If the nation could reduce its economic reliance on China and if the government could promote industrial development in Taiwan, then the progressive agenda could be achieved.
However, this approach was based on the progressive conundrum, and has done little to improve the situation.
The DPP tried to stimulate the economy, but that was only ever going to do it any good if the economic benefits were felt by ordinary people.
It is important to emphasize that these elections were essentially about Taiwan’s internal matters and local governments, and yet there is general agreement within the international community that China directly interfered, using the Internet.
For example, the New York Times wrote that China has been employing “a Russia-style influence campaign” to meddle, using a new arsenal of cyberweapons, including fake news.
This is only going to get worse.
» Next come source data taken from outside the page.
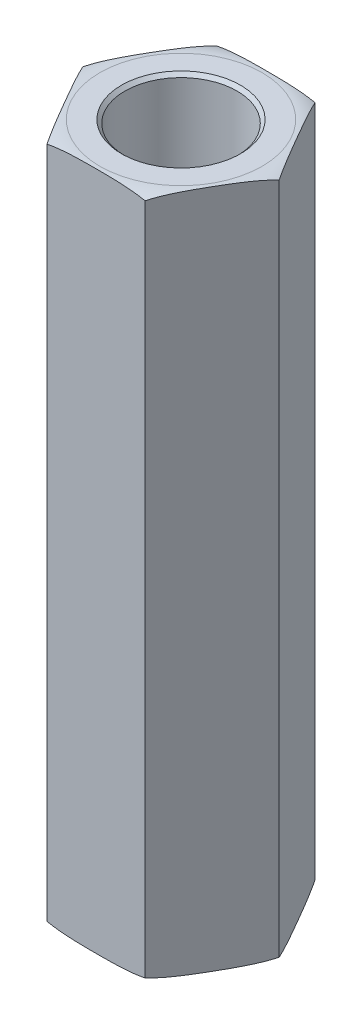
ISO-10303-21;
HEADER;
FILE_DESCRIPTION(('STEP AP214'),'2;1');
FILE_NAME('part.step','',(''),(''),'','','');
FILE_SCHEMA(('AUTOMOTIVE_DESIGN { 1 0 10303 214 1 1 1 1 }'));
ENDSEC;
DATA;
#1=APPLICATION_CONTEXT('core data for automotive mechanical design processes');
#2=APPLICATION_PROTOCOL_DEFINITION('international standard','automotive_design',2000,#1);
#3=PRODUCT_CONTEXT('',#1,'mechanical');
#4=PRODUCT('Part','Part','',(#3));
#5=PRODUCT_RELATED_PRODUCT_CATEGORY('part','',(#4));
#6=PRODUCT_DEFINITION_FORMATION('','',#4);
#7=PRODUCT_DEFINITION_CONTEXT('part definition',#1,'design');
#8=PRODUCT_DEFINITION('design','',#6,#7);
#9=PRODUCT_DEFINITION_SHAPE('','',#8);
#10=(LENGTH_UNIT() NAMED_UNIT(*) SI_UNIT(.MILLI.,.METRE.));
#11=(NAMED_UNIT(*) PLANE_ANGLE_UNIT() SI_UNIT($,.RADIAN.));
#12=(NAMED_UNIT(*) SI_UNIT($,.STERADIAN.) SOLID_ANGLE_UNIT());
#13=UNCERTAINTY_MEASURE_WITH_UNIT(LENGTH_MEASURE(1.E-05),#10,'distance_accuracy_value','');
#14=(GEOMETRIC_REPRESENTATION_CONTEXT(3) GLOBAL_UNCERTAINTY_ASSIGNED_CONTEXT((#13)) GLOBAL_UNIT_ASSIGNED_CONTEXT((#10,
#11,#12)) REPRESENTATION_CONTEXT('',''));
#15=CARTESIAN_POINT('',(0.,0.,0.));
#16=DIRECTION('',(0.,0.,1.));
#17=DIRECTION('',(1.,0.,0.));
#18=AXIS2_PLACEMENT_3D('',#15,#16,#17);
#19=CARTESIAN_POINT('',(3.66617420935412,12.7,0.));
#20=DIRECTION('',(-0.866025403784439,0.,0.5));
#21=DIRECTION('',(0.5,0.,0.866025403784439));
#22=AXIS2_PLACEMENT_3D('',#19,#20,#21);
#23=PLANE('',#22);
#24=DIRECTION('',(0.,1.,0.));
#25=VECTOR('',#24,1.);
#26=CARTESIAN_POINT('',(1.83308710467704,12.7,-3.175));
#27=LINE('',#26,#25);
#28=CARTESIAN_POINT('',(1.83308710467705,-12.573,-3.175));
#29=VERTEX_POINT('',#28);
#30=CARTESIAN_POINT('',(1.83308710467706,12.573,-3.175));
#31=VERTEX_POINT('',#30);
#32=EDGE_CURVE('E300',#29,#31,#27,.T.);
#33=ORIENTED_EDGE('',*,*,#32,.T.);
#34=CARTESIAN_POINT('',(3.66617420935412,12.573,0.));
#35=CARTESIAN_POINT('',(3.62797961467394,12.5889014148997,-0.0661549785605592));
#36=CARTESIAN_POINT('',(3.58956810864157,12.6024886076105,-0.132685658603878));
#37=CARTESIAN_POINT('',(3.5124905179571,12.6258161979402,-0.266187961794366));
#38=CARTESIAN_POINT('',(3.47382473049846,12.6355604771397,-0.3331590701874));
#39=CARTESIAN_POINT('',(3.39641631867872,12.6519966530451,-0.467234372392396));
#40=CARTESIAN_POINT('',(3.35767399633311,12.6586945328669,-0.534338043098201));
#41=CARTESIAN_POINT('',(3.28009834620112,12.6697767572932,-0.668703010557003));
#42=CARTESIAN_POINT('',(3.2412649958777,12.674160450474,-0.735964346345293));
#43=CARTESIAN_POINT('',(3.16354065964313,12.6812403004263,-0.870586845688127));
#44=CARTESIAN_POINT('',(3.12464965374474,12.6839355237591,-0.937948043861601));
#45=CARTESIAN_POINT('',(3.04685144594591,12.6881531983713,-1.07269849250698));
#46=CARTESIAN_POINT('',(3.00794424351967,12.6896756080272,-1.14008774388959));
#47=CARTESIAN_POINT('',(2.9305151759887,12.691922705889,-1.2741988228359));
#48=CARTESIAN_POINT('',(2.89199336248932,12.6926552468181,-1.34092056101654));
#49=CARTESIAN_POINT('',(2.81494778346141,12.6935767302574,-1.47436741839144));
#50=CARTESIAN_POINT('',(2.77642401791436,12.6937656658949,-1.5410925376178));
#51=CARTESIAN_POINT('',(2.69935964431009,12.6936659966806,-1.67457194815386));
#52=CARTESIAN_POINT('',(2.66081903631818,12.6933771811766,-1.74132623935045));
#53=CARTESIAN_POINT('',(2.58373908085326,12.692221986219,-1.87483263846084));
#54=CARTESIAN_POINT('',(2.54519973341241,12.6913555970386,-1.94158474631893));
#55=CARTESIAN_POINT('',(2.46812969629766,12.6887861940656,-2.0750739663429));
#56=CARTESIAN_POINT('',(2.42959900625961,12.6870832271617,-2.1418110791395));
#57=CARTESIAN_POINT('',(2.35255651340904,12.6824387229726,-2.27525259109845));
#58=CARTESIAN_POINT('',(2.31404470975438,12.6794972471358,-2.34195699171943));
#59=CARTESIAN_POINT('',(2.2508420623994,12.6732174124749,-2.45142718811111));
#60=CARTESIAN_POINT('',(2.22613849337005,12.6703980110463,-2.49421502479823));
#61=CARTESIAN_POINT('',(2.17676945272224,12.6638696794304,-2.57972471152118));
#62=CARTESIAN_POINT('',(2.1521039703418,12.6601610809139,-2.6224465801973));
#63=CARTESIAN_POINT('',(2.10282753811693,12.6516802711497,-2.7077958644265));
#64=CARTESIAN_POINT('',(2.07821657107526,12.6469084657008,-2.75042330976607));
#65=CARTESIAN_POINT('',(2.02900094683547,12.6360987712516,-2.8356672714756));
#66=CARTESIAN_POINT('',(2.00439646085461,12.6300577313084,-2.87828349128856));
#67=CARTESIAN_POINT('',(1.95527325900932,12.6165138354161,-2.96336737271507));
#68=CARTESIAN_POINT('',(1.93075459617613,12.609010197803,-3.00583494247581));
#69=CARTESIAN_POINT('',(1.8818215737317,12.5923203507084,-3.09058942351746));
#70=CARTESIAN_POINT('',(1.85740744053269,12.5831314978033,-3.13287594264091));
#71=CARTESIAN_POINT('',(1.83308710467706,12.573,-3.175));
#72=B_SPLINE_CURVE_WITH_KNOTS('',3,(#34,#35,#36,#37,#38,#39,#40,#41,#42,#43,#44,#45,#46,#47,#48,
#49,#50,#51,#52,#53,#54,#55,#56,#57,#58,#59,#60,#61,#62,#63,#64,#65,#66,#67,#68,#69,#70,#71),
.UNSPECIFIED.,.F.,.F.,(4,2,2,2,2,2,2,2,2,2,2,2,2,2,2,2,2,2,4),(0.,0.233977307817949,
0.467717675040708,0.700996973557522,0.934341903229779,1.16781571967243,1.40129782179829,
1.63243665809675,1.86357841666623,2.09482211846301,2.32606971471502,2.55730435147406,
2.78852751694422,2.93698369265095,3.0853845800448,3.23372892334589,3.38244598546616,
3.53124274626086,3.68027493713585),.UNSPECIFIED.);
#73=CARTESIAN_POINT('',(3.66617420935412,12.573,0.));
#74=VERTEX_POINT('',#73);
#75=EDGE_CURVE('E94',#74,#31,#72,.T.);
#76=ORIENTED_EDGE('',*,*,#75,.F.);
#77=DIRECTION('',(0.,1.,0.));
#78=VECTOR('',#77,1.);
#79=CARTESIAN_POINT('',(3.66617420935412,12.7,0.));
#80=LINE('',#79,#78);
#81=CARTESIAN_POINT('',(3.66617420935412,-12.573,0.));
#82=VERTEX_POINT('',#81);
#83=EDGE_CURVE('E297',#74,#82,#80,.F.);
#84=ORIENTED_EDGE('',*,*,#83,.T.);
#85=CARTESIAN_POINT('',(1.83308710467705,-12.573,-3.17500000000001));
#86=CARTESIAN_POINT('',(1.87128169935723,-12.5889014148997,-3.10884502143945));
#87=CARTESIAN_POINT('',(1.9096932053896,-12.6024886076105,-3.04231434139613));
#88=CARTESIAN_POINT('',(1.98677079607407,-12.6258161979402,-2.90881203820565));
#89=CARTESIAN_POINT('',(2.02543658353271,-12.6355604771397,-2.84184092981261));
#90=CARTESIAN_POINT('',(2.10284499535244,-12.6519966530451,-2.70776562760762));
#91=CARTESIAN_POINT('',(2.14158731769805,-12.6586945328669,-2.64066195690182));
#92=CARTESIAN_POINT('',(2.21916296783004,-12.6697767572932,-2.50629698944302));
#93=CARTESIAN_POINT('',(2.25799631815347,-12.674160450474,-2.43903565365473));
#94=CARTESIAN_POINT('',(2.33572065438803,-12.6812403004263,-2.3044131543119));
#95=CARTESIAN_POINT('',(2.37461166028642,-12.6839355237591,-2.23705195613842));
#96=CARTESIAN_POINT('',(2.45240986808525,-12.6881531983713,-2.10230150749305));
#97=CARTESIAN_POINT('',(2.49131707051149,-12.6896756080272,-2.03491225611044));
#98=CARTESIAN_POINT('',(2.56874613804245,-12.691922705889,-1.90080117716413));
#99=CARTESIAN_POINT('',(2.60726795154184,-12.6926552468181,-1.8340794389835));
#100=CARTESIAN_POINT('',(2.68431353056975,-12.6935767302574,-1.70063258160859));
#101=CARTESIAN_POINT('',(2.72283729611679,-12.6937656658949,-1.63390746238224));
#102=CARTESIAN_POINT('',(2.79990166972106,-12.6936659966806,-1.50042805184618));
#103=CARTESIAN_POINT('',(2.83844227771297,-12.6933771811766,-1.43367376064959));
#104=CARTESIAN_POINT('',(2.91552223317789,-12.692221986219,-1.30016736153921));
#105=CARTESIAN_POINT('',(2.95406158061874,-12.6913555970386,-1.23341525368111));
#106=CARTESIAN_POINT('',(3.03113161773348,-12.6887861940656,-1.09992603365715));
#107=CARTESIAN_POINT('',(3.06966230777154,-12.6870832271617,-1.03318892086055));
#108=CARTESIAN_POINT('',(3.14670480062211,-12.6824387229726,-0.899747408901607));
#109=CARTESIAN_POINT('',(3.18521660427677,-12.6794972471358,-0.833043008280621));
#110=CARTESIAN_POINT('',(3.24841925163175,-12.6732174124749,-0.723572811888938));
#111=CARTESIAN_POINT('',(3.27312282066109,-12.6703980110463,-0.680784975201824));
#112=CARTESIAN_POINT('',(3.32249186130891,-12.6638696794304,-0.595275288478867));
#113=CARTESIAN_POINT('',(3.34715734368935,-12.6601610809139,-0.552553419802744));
#114=CARTESIAN_POINT('',(3.39643377591423,-12.6516802711497,-0.467204135573539));
#115=CARTESIAN_POINT('',(3.4210447429559,-12.6469084657008,-0.424576690233965));
#116=CARTESIAN_POINT('',(3.47026036719569,-12.6360987712516,-0.339332728524428));
#117=CARTESIAN_POINT('',(3.49486485317655,-12.6300577313084,-0.296716508711459));
#118=CARTESIAN_POINT('',(3.54398805502185,-12.6165138354161,-0.211632627284942));
#119=CARTESIAN_POINT('',(3.56850671785504,-12.609010197803,-0.169165057524202));
#120=CARTESIAN_POINT('',(3.61743974029947,-12.5923203507084,-0.0844105764825456));
#121=CARTESIAN_POINT('',(3.64185387349848,-12.5831314978033,-0.0421240573590982));
#122=CARTESIAN_POINT('',(3.66617420935412,-12.573,0.));
#123=B_SPLINE_CURVE_WITH_KNOTS('',3,(#85,#86,#87,#88,#89,#90,#91,#92,#93,#94,#95,#96,#97,#98,
#99,#100,#101,#102,#103,#104,#105,#106,#107,#108,#109,#110,#111,#112,#113,#114,#115,#116,#117,
#118,#119,#120,#121,#122),.UNSPECIFIED.,.F.,.F.,(4,2,2,2,2,2,2,2,2,2,2,2,2,2,2,2,2,2,4),(0.,
0.233977307817944,0.467717675040699,0.700996973557508,0.934341903229761,1.16781571967241,
1.40129782179826,1.63243665809671,1.86357841666619,2.09482211846297,2.32606971471497,
2.55730435147401,2.78852751694416,2.9369836926509,3.08538458004476,3.23372892334587,
3.38244598546614,3.53124274626085,3.68027493713586),.UNSPECIFIED.);
#124=EDGE_CURVE('E143',#29,#82,#123,.T.);
#125=ORIENTED_EDGE('',*,*,#124,.F.);
#126=EDGE_LOOP('',(#33,#76,#84,#125));
#127=FACE_BOUND('',#126,.T.);
#128=ADVANCED_FACE('F14',(#127),#23,.F.);
#129=CARTESIAN_POINT('',(1.83308710467706,12.7,3.17499999999999));
#130=DIRECTION('',(-0.866025403784439,0.,-0.5));
#131=DIRECTION('',(-0.5,0.,0.866025403784439));
#132=AXIS2_PLACEMENT_3D('',#129,#130,#131);
#133=PLANE('',#132);
#134=ORIENTED_EDGE('',*,*,#83,.F.);
#135=CARTESIAN_POINT('',(1.83308710467706,12.573,3.17499999999999));
#136=CARTESIAN_POINT('',(1.87128169935724,12.5889014148997,3.10884502143943));
#137=CARTESIAN_POINT('',(1.90969320538962,12.6024886076105,3.04231434139611));
#138=CARTESIAN_POINT('',(1.98677079607408,12.6258161979402,2.90881203820562));
#139=CARTESIAN_POINT('',(2.02543658353273,12.6355604771397,2.84184092981259));
#140=CARTESIAN_POINT('',(2.10284499535246,12.6519966530451,2.7077656276076));
#141=CARTESIAN_POINT('',(2.14158731769807,12.6586945328669,2.64066195690179));
#142=CARTESIAN_POINT('',(2.21916296783006,12.6697767572932,2.50629698944299));
#143=CARTESIAN_POINT('',(2.25799631815349,12.674160450474,2.4390356536547));
#144=CARTESIAN_POINT('',(2.33572065438805,12.6812403004263,2.30441315431186));
#145=CARTESIAN_POINT('',(2.37461166028644,12.6839355237591,2.23705195613839));
#146=CARTESIAN_POINT('',(2.45240986808528,12.6881531983713,2.10230150749301));
#147=CARTESIAN_POINT('',(2.49131707051151,12.6896756080272,2.0349122561104));
#148=CARTESIAN_POINT('',(2.56874613804248,12.691922705889,1.90080117716409));
#149=CARTESIAN_POINT('',(2.60726795154187,12.6926552468181,1.83407943898345));
#150=CARTESIAN_POINT('',(2.68431353056978,12.6935767302574,1.70063258160855));
#151=CARTESIAN_POINT('',(2.72283729611682,12.6937656658949,1.63390746238219));
#152=CARTESIAN_POINT('',(2.79990166972109,12.6936659966806,1.50042805184613));
#153=CARTESIAN_POINT('',(2.83844227771301,12.6933771811766,1.43367376064954));
#154=CARTESIAN_POINT('',(2.91552223317792,12.692221986219,1.30016736153915));
#155=CARTESIAN_POINT('',(2.95406158061877,12.6913555970386,1.23341525368106));
#156=CARTESIAN_POINT('',(3.03113161773352,12.6887861940656,1.09992603365709));
#157=CARTESIAN_POINT('',(3.06966230777158,12.6870832271617,1.03318892086049));
#158=CARTESIAN_POINT('',(3.14670480062214,12.6824387229726,0.899747408901544));
#159=CARTESIAN_POINT('',(3.1852166042768,12.6794972471358,0.833043008280556));
#160=CARTESIAN_POINT('',(3.24841925163178,12.6732174124749,0.723572811888876));
#161=CARTESIAN_POINT('',(3.27312282066113,12.6703980110463,0.680784975201767));
#162=CARTESIAN_POINT('',(3.32249186130894,12.6638696794304,0.595275288478818));
#163=CARTESIAN_POINT('',(3.34715734368938,12.6601610809139,0.552553419802699));
#164=CARTESIAN_POINT('',(3.39643377591425,12.6516802711497,0.467204135573501));
#165=CARTESIAN_POINT('',(3.42104474295592,12.6469084657008,0.424576690233932));
#166=CARTESIAN_POINT('',(3.47026036719571,12.6360987712516,0.339332728524402));
#167=CARTESIAN_POINT('',(3.49486485317657,12.6300577313084,0.296716508711437));
#168=CARTESIAN_POINT('',(3.54398805502186,12.6165138354161,0.211632627284927));
#169=CARTESIAN_POINT('',(3.56850671785505,12.609010197803,0.169165057524192));
#170=CARTESIAN_POINT('',(3.61743974029947,12.5923203507084,0.0844105764825436));
#171=CARTESIAN_POINT('',(3.64185387349848,12.5831314978033,0.0421240573591002));
#172=CARTESIAN_POINT('',(3.66617420935412,12.573,0.));
#173=B_SPLINE_CURVE_WITH_KNOTS('',3,(#135,#136,#137,#138,#139,#140,#141,#142,#143,#144,#145,
#146,#147,#148,#149,#150,#151,#152,#153,#154,#155,#156,#157,#158,#159,#160,#161,#162,#163,#164,
#165,#166,#167,#168,#169,#170,#171,#172),.UNSPECIFIED.,.F.,.F.,(4,2,2,2,2,2,2,2,2,2,2,2,2,2,2,2,
2,2,4),(0.,0.23397730781795,0.467717675040709,0.700996973557522,0.93434190322978,
1.16781571967243,1.40129782179829,1.63243665809675,1.86357841666623,2.09482211846301,
2.32606971471502,2.55730435147406,2.78852751694422,2.93698369265095,3.08538458004479,
3.23372892334589,3.38244598546615,3.53124274626085,3.68027493713584),.UNSPECIFIED.);
#174=CARTESIAN_POINT('',(1.83308710467706,12.573,3.17499999999999));
#175=VERTEX_POINT('',#174);
#176=EDGE_CURVE('E171',#175,#74,#173,.T.);
#177=ORIENTED_EDGE('',*,*,#176,.F.);
#178=DIRECTION('',(0.,1.,0.));
#179=VECTOR('',#178,1.);
#180=CARTESIAN_POINT('',(1.83308710467706,12.7,3.17499999999999));
#181=LINE('',#180,#179);
#182=CARTESIAN_POINT('',(1.83308710467706,-12.573,3.17499999999999));
#183=VERTEX_POINT('',#182);
#184=EDGE_CURVE('E295',#175,#183,#181,.F.);
#185=ORIENTED_EDGE('',*,*,#184,.T.);
#186=CARTESIAN_POINT('',(3.66617420935412,-12.573,0.));
#187=CARTESIAN_POINT('',(3.62797961467394,-12.5889014148997,0.0661549785605638));
#188=CARTESIAN_POINT('',(3.58956810864156,-12.6024886076105,0.132685658603883));
#189=CARTESIAN_POINT('',(3.5124905179571,-12.6258161979402,0.266187961794371));
#190=CARTESIAN_POINT('',(3.47382473049846,-12.6355604771397,0.333159070187405));
#191=CARTESIAN_POINT('',(3.39641631867872,-12.6519966530451,0.467234372392401));
#192=CARTESIAN_POINT('',(3.35767399633311,-12.6586945328669,0.534338043098206));
#193=CARTESIAN_POINT('',(3.28009834620112,-12.6697767572932,0.668703010557008));
#194=CARTESIAN_POINT('',(3.2412649958777,-12.674160450474,0.735964346345298));
#195=CARTESIAN_POINT('',(3.16354065964313,-12.6812403004263,0.870586845688132));
#196=CARTESIAN_POINT('',(3.12464965374474,-12.6839355237591,0.937948043861606));
#197=CARTESIAN_POINT('',(3.0468514459459,-12.6881531983713,1.07269849250699));
#198=CARTESIAN_POINT('',(3.00794424351967,-12.6896756080272,1.1400877438896));
#199=CARTESIAN_POINT('',(2.9305151759887,-12.691922705889,1.27419882283591));
#200=CARTESIAN_POINT('',(2.89199336248931,-12.6926552468181,1.34092056101654));
#201=CARTESIAN_POINT('',(2.8149477834614,-12.6935767302574,1.47436741839145));
#202=CARTESIAN_POINT('',(2.77642401791436,-12.6937656658949,1.5410925376178));
#203=CARTESIAN_POINT('',(2.69935964431009,-12.6936659966806,1.67457194815387));
#204=CARTESIAN_POINT('',(2.66081903631818,-12.6933771811766,1.74132623935046));
#205=CARTESIAN_POINT('',(2.58373908085326,-12.692221986219,1.87483263846084));
#206=CARTESIAN_POINT('',(2.54519973341241,-12.6913555970386,1.94158474631894));
#207=CARTESIAN_POINT('',(2.46812969629766,-12.6887861940656,2.0750739663429));
#208=CARTESIAN_POINT('',(2.4295990062596,-12.6870832271616,2.14181107913951));
#209=CARTESIAN_POINT('',(2.35255651340904,-12.6824387229726,2.27525259109845));
#210=CARTESIAN_POINT('',(2.31404470975437,-12.6794972471358,2.34195699171944));
#211=CARTESIAN_POINT('',(2.2508420623994,-12.6732174124749,2.45142718811112));
#212=CARTESIAN_POINT('',(2.22613849337005,-12.6703980110463,2.49421502479823));
#213=CARTESIAN_POINT('',(2.17676945272224,-12.6638696794304,2.57972471152118));
#214=CARTESIAN_POINT('',(2.1521039703418,-12.6601610809139,2.6224465801973));
#215=CARTESIAN_POINT('',(2.10282753811693,-12.6516802711497,2.7077958644265));
#216=CARTESIAN_POINT('',(2.07821657107526,-12.6469084657008,2.75042330976606));
#217=CARTESIAN_POINT('',(2.02900094683548,-12.6360987712516,2.83566727147559));
#218=CARTESIAN_POINT('',(2.00439646085462,-12.6300577313084,2.87828349128856));
#219=CARTESIAN_POINT('',(1.95527325900932,-12.6165138354161,2.96336737271507));
#220=CARTESIAN_POINT('',(1.93075459617613,-12.609010197803,3.0058349424758));
#221=CARTESIAN_POINT('',(1.88182157373171,-12.5923203507084,3.09058942351745));
#222=CARTESIAN_POINT('',(1.8574074405327,-12.5831314978033,3.1328759426409));
#223=CARTESIAN_POINT('',(1.83308710467706,-12.573,3.17499999999999));
#224=B_SPLINE_CURVE_WITH_KNOTS('',3,(#186,#187,#188,#189,#190,#191,#192,#193,#194,#195,#196,
#197,#198,#199,#200,#201,#202,#203,#204,#205,#206,#207,#208,#209,#210,#211,#212,#213,#214,#215,
#216,#217,#218,#219,#220,#221,#222,#223),.UNSPECIFIED.,.F.,.F.,(4,2,2,2,2,2,2,2,2,2,2,2,2,2,2,2,
2,2,4),(0.,0.233977307817949,0.467717675040709,0.700996973557522,0.93434190322978,
1.16781571967243,1.40129782179829,1.63243665809675,1.86357841666623,2.09482211846301,
2.32606971471502,2.55730435147406,2.78852751694422,2.93698369265095,3.08538458004479,
3.23372892334589,3.38244598546615,3.53124274626085,3.68027493713584),.UNSPECIFIED.);
#225=EDGE_CURVE('E150',#82,#183,#224,.T.);
#226=ORIENTED_EDGE('',*,*,#225,.F.);
#227=EDGE_LOOP('',(#134,#177,#185,#226));
#228=FACE_BOUND('',#227,.T.);
#229=ADVANCED_FACE('F162',(#228),#133,.F.);
#230=CARTESIAN_POINT('',(1.83308710467706,12.7,-3.175));
#231=DIRECTION('',(0.,0.,1.));
#232=DIRECTION('',(1.,0.,0.));
#233=AXIS2_PLACEMENT_3D('',#230,#231,#232);
#234=PLANE('',#233);
#235=DIRECTION('',(0.,1.,0.));
#236=VECTOR('',#235,1.);
#237=CARTESIAN_POINT('',(-1.83308710467707,12.7,-3.175));
#238=LINE('',#237,#236);
#239=CARTESIAN_POINT('',(-1.83308710467707,-12.573,-3.175));
#240=VERTEX_POINT('',#239);
#241=CARTESIAN_POINT('',(-1.83308710467706,12.573,-3.17500000000001));
#242=VERTEX_POINT('',#241);
#243=EDGE_CURVE('E101',#240,#242,#238,.T.);
#244=ORIENTED_EDGE('',*,*,#243,.T.);
#245=CARTESIAN_POINT('',(1.83308710467705,12.573,-3.175));
#246=CARTESIAN_POINT('',(1.73237579828683,12.5939400141518,-3.175));
#247=CARTESIAN_POINT('',(1.63096506893486,12.6108853495327,-3.175));
#248=CARTESIAN_POINT('',(1.42767146651469,12.6384971643984,-3.175));
#249=CARTESIAN_POINT('',(1.32579191427254,12.6491875658753,-3.175));
#250=CARTESIAN_POINT('',(1.12177634709137,12.6661280408079,-3.175));
#251=CARTESIAN_POINT('',(1.01964056643379,12.6723812707189,-3.175));
#252=CARTESIAN_POINT('',(0.815663681397375,12.6819028064183,-3.175));
#253=CARTESIAN_POINT('',(0.713823115514572,12.6851834044999,-3.175));
#254=CARTESIAN_POINT('',(0.51001848544165,12.6899454848703,-3.175));
#255=CARTESIAN_POINT('',(0.408054390577976,12.6914254100882,-3.175));
#256=CARTESIAN_POINT('',(0.20406020033787,12.6933146818379,-3.175));
#257=CARTESIAN_POINT('',(0.102030100168935,12.6937234241492,-3.175));
#258=CARTESIAN_POINT('',(-0.102030100168934,12.6937234241492,-3.175));
#259=CARTESIAN_POINT('',(-0.204060200337869,12.6933146818379,-3.175));
#260=CARTESIAN_POINT('',(-0.408054390577975,12.6914254100882,-3.175));
#261=CARTESIAN_POINT('',(-0.510018485441649,12.6899454848703,-3.175));
#262=CARTESIAN_POINT('',(-0.71382311551457,12.6851834044999,-3.175));
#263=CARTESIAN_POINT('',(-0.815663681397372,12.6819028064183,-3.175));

Politicians on both sides of the aisle ignore this at the nation’s peril.
The situation of the DPP — with its complete hold on government, losing the hearts and minds of Taiwanese in short two years in office, and its rout on Saturday — is a warning to all parties.
The DPP needs to take a good look at itself and change accordingly, while the KMT must follow through on its candidates’ campaign promises.
The public is a fickle mistress, and both the ruling and opposition parties must give her the respect she demands. This is, after all, what democracy is all about.